I have a situation in my production couchbase cluster having version 6.0.1.
I have a doc_type = “eventing_history” which is having 4 years customer event data. Size of this doc_type is 2TB and docs in this doc_type is approx 1 Billion.
Now I want to delete the data for this doc_type and leave only current month data.
I tried n1ql delete syntax but it was getting time out after some time. and I don’t think that N1QL can delete 1 billion docs.
Please suggest correct approach to delete 1 billion docs having same key prefix.
Best option will be use covered index and get the document keys.
Then USE SDK set/touch the document expiration to 1sec. Let the document expiration run through at his own time in background and delete.

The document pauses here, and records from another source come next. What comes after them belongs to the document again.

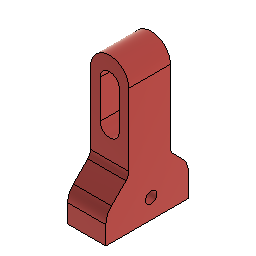
Tower v3 (Autodesk Fusion 360 design; units mm, degrees)
Autodesk Fusion 360 part; units mm, degrees
note: some values were not read from the file. Set by a fixed rule: the direction of a hole.
sketch "Right" plane through (0, 0, 0) normal (1, 0, 0) x (0, 1, 0) in component "Tower"
  line L0 (0, 0) -> (0, 11.6117)
  line L1 (27.432, 9.9611) -> (27.432, 0)
  arc A0 (27.432, 9.9611) -> (25.5721, 14.4512) centre (21.082, 9.9611) ccw
  arc A1 (1.8541, 16.096) -> (0, 11.6117) centre (6.35, 11.6117) ccw
  arc A2 (5.0391, 19.281) -> (5.969, 21.526) centre (2.794, 21.526) ccw
  line L2 (5.0391, 19.281) -> (1.8541, 16.096)
  line L3 (20.7419, 19.2814) -> (25.5721, 14.4512)
  arc A3 (19.812, 21.5265) -> (20.7419, 19.2814) centre (22.987, 21.5265) ccw
  line L4 (19.812, 51.8592) -> (19.812, 21.5265)
  line L5 (19.812, 51.8592) -> (5.969, 51.8592)
  line L6 (5.969, 21.526) -> (5.969, 51.8592)
  line L7 (0, 0) -> (27.432, 0)
  circle A4 centre (12.3596, 10.3275) radius 1.8986
  line L8 (3.937, 0) -> (3.937, 12.7) construction
  line L9 (22.987, 0) -> (22.987, 12.7) construction
  circle A5 centre (12.3596, 10.3275) radius 12.7 construction
  dimension "d1" = 27.432
  dimension "d4" = 10.3275
  dimension "d5" = 6.35
  dimension "d6" = 6.8309
  dimension "d7" = 3.175
  dimension "d8" = 3.175
  dimension "d9" = 6.35
  dimension "d11" = 30.3327
  dimension "d13" = 13.843
  dimension "d14" = 9.9611
  dimension "d16" = 45
  dimension "d17" = 45
  dimension "d19" = 3.937
  dimension "d20" = 19.05
  dimension "d21" = 4.445
  dimension "d22" = 3.7973
  dimension "d23" = 12.3596
  dimension "d24" = 25.5721
  dimension "d25" = 14.4512
  dimension "d26" = 21.5265
  dimension "d28" = 12.7
  dimension "d29" = 12.7
  dimension "d46" = 16.096
  dimension "d47" = 1.8541
  dimension "d48" = 25.4
  constraint tangent A2 L6
  constraint perpendicular L1 L7
  constraint vertical L6
  constraint horizontal L5
  constraint vertical L4
  constraint horizontal L7
  constraint vertical L0
  constraint coincident L0.start L7.start
  constraint coincident L7 L8.start
  constraint perpendicular L7 L8
  constraint coincident L7 L9.start
  constraint perpendicular L7 L9
  constraint tangent A3 L4
  constraint tangent L0 A1
  constraint tangent A2 L2
  constraint concentric A4 A5
  measures "d1" distance of L0.start L1.end
  measures "d4" vertical distance of L0.start A4.centre
  measures "d5" radius of A0
  measures "d6" distance of A0.end L3.start
  measures "d7" radius of A3
  measures "d8" radius of A2
  measures "d9" radius of A1
  measures "d11" distance of A3.start L4.start
  measures "d13" distance of L4.start L5.end
  measures "d14" distance of L1.start L1.end
  measures "d16" angle of L3 L7
  measures "d17" angle of L2 L7
  measures "d19" distance of L0 L8
  measures "d20" distance of L8 L9
  measures "d21" distance of L1 L9
  measures "d22" diameter of A4
  measures "d23" horizontal distance of L0.start A4.centre
  measures "d24" horizontal distance of L0.start A0.end
  measures "d25" vertical distance of L0.start A0.end
  measures "d26" vertical distance of L0.start A3.start
  measures "d28" distance of L8.start L8.end
  measures "d29" distance of L9.start L9.end
  measures "d46" vertical distance of L0.start A1.start
  measures "d47" horizontal distance of L0.start A1.start
  measures "d48" diameter of A5
extrude "Extrude1" add sketch "Right" along normal mid plane 12.7 in component "Tower"
sketch "Front" plane through (0, 0, 0) normal (0, 1, 0) x (1, 0, 0) in component "Tower"
  line L0 (3.175, -43.9217) -> (3.175, -31.2217)
  arc A0 (3.175, -31.2217) -> (-3.175, -31.2217) centre (0, -31.2217) ccw
  line L1 (-3.175, -31.2217) -> (-3.175, -43.9217)
  arc A1 (-3.175, -43.9217) -> (3.175, -43.9217) centre (0, -43.9217) ccw
  line L2 (0, -43.9217) -> (0, -31.2217) construction
  dimension "d32" = 6.35
  dimension "d33" = 31.2217
  dimension "d34" = 12.7
  dimension "d35" = 3.175
  constraint tangent L0 A0
  constraint tangent A0 L1
  constraint parallel L0 L1
  constraint tangent L1 A1
  constraint tangent L0 A1
  constraint vertical L2
  measures "d32" diameter of A0
  measures "d33" vertical distance of A0.centre origin
  measures "d34" distance of A1.centre A0.centre
  measures "d35" horizontal distance of origin A0.end
extrude "Extrude2" cut sketch "Front" along normal up to surface (19.812 mm away) in component "Tower"
sketch "Bottom" plane through (0, 0, 0) normal (0, 0, 1) x (1, 0, 0) in component "Tower"
  circle A0 centre (0, 3.937) radius 1.8986
  circle A1 centre (0, 22.987) radius 1.8986
  dimension "d38" = 19.05
  dimension "d39" = 3.7973
  dimension "d40" = 3.7973
  dimension "d41" = 3.937
  constraint vertical A0.centre origin
  constraint vertical A0.centre A1.centre
  measures "d38" distance of A0.centre A1.centre
  measures "d39" diameter of A1
  measures "d40" diameter of A0
  measures "d41" distance of origin A0.centre
hole "Hole1" at (0, 22.987, 0) at (0, 3.937, 0) direction (0, 0, 1) diameter 3.7973 depth 14.224 tip angle 118 in component "Tower"
fillet "Fillet1" radius 6.35 2 edges at (-6.35, 12.8905, 51.8592) (6.35, 12.8905, 51.8592) in component "Tower"
move_face "OffsetFaces1" offset -3.81 1 faces at (-4.7814, 16.4899, 0) in component "Tower"
component "Tower" placed x (-1, 0, 0) y (0, -1, 0) z (0, 0, 1) at (0, 76.2, 6.8632)
equation "d39 = d40"

Vishal_Sharma - Another method would be to use the Eventing Service to do this example (will work for 6.5+):
// 1. Bucket Alias
// 2. src_bkt
// 3. <<your bucket to purge data from>>
// 4. read+write
function OnUpdate(doc, meta) {
// filter out non-interesting docs
if (doc.type !== "eventing_history") return;
// this is a bucket DEL operation.
delete src_bkt[meta.id];
}
Now I want to delete the data for this doc_type and leave only current month data.
In recent versions of Couchbase the leading characters of the CAS string is a timestamp in millis since epoch. You can also use this to your advantage.
For example if you used Eventing you could ignore the newer CAS values based on some TBD datetime.
// 1. Bucket Alias
// 2. src_bkt
// 3. <<your bucket to purge data from>>
// 4. read+write
function OnUpdate(doc, meta) {
// filter out non-interesting docs
if (doc.type !== "eventing_history") return;
// get the milliseconds since Epoch (GMT) for some date e.g. 2020-08-01
var cutoff_millis = Date.parse('2020-08-01');
// get the milliseconds of the documents last update (you could parse a date from the doc itself)
var doc_millis = parseInt(meta.cas.substring(0,13));
// do not delete if GTE the cutoff
if (doc_millis >= cutoff_millis) return;
// this is a bucket DEL operation.
delete src_bkt[meta.id];
}
You deploy it and just leave the eventing function “live” and it will delete all old documents of type “eventing_history” that have not been updated after 2020-08-01. Note no indexes are required.
A few warnings to keep in mind all of which might cause the above function not to behave as expected.
The timestamp extracted from CAS is a time of a mutation (either to the doc or it’s XATTRs).
Mutations typically come from a document create, update, or delete/expiry.
Mutations to a document can also come from an XDCR replication or a restore from a backup.
The definition of CAS could change in the future releases.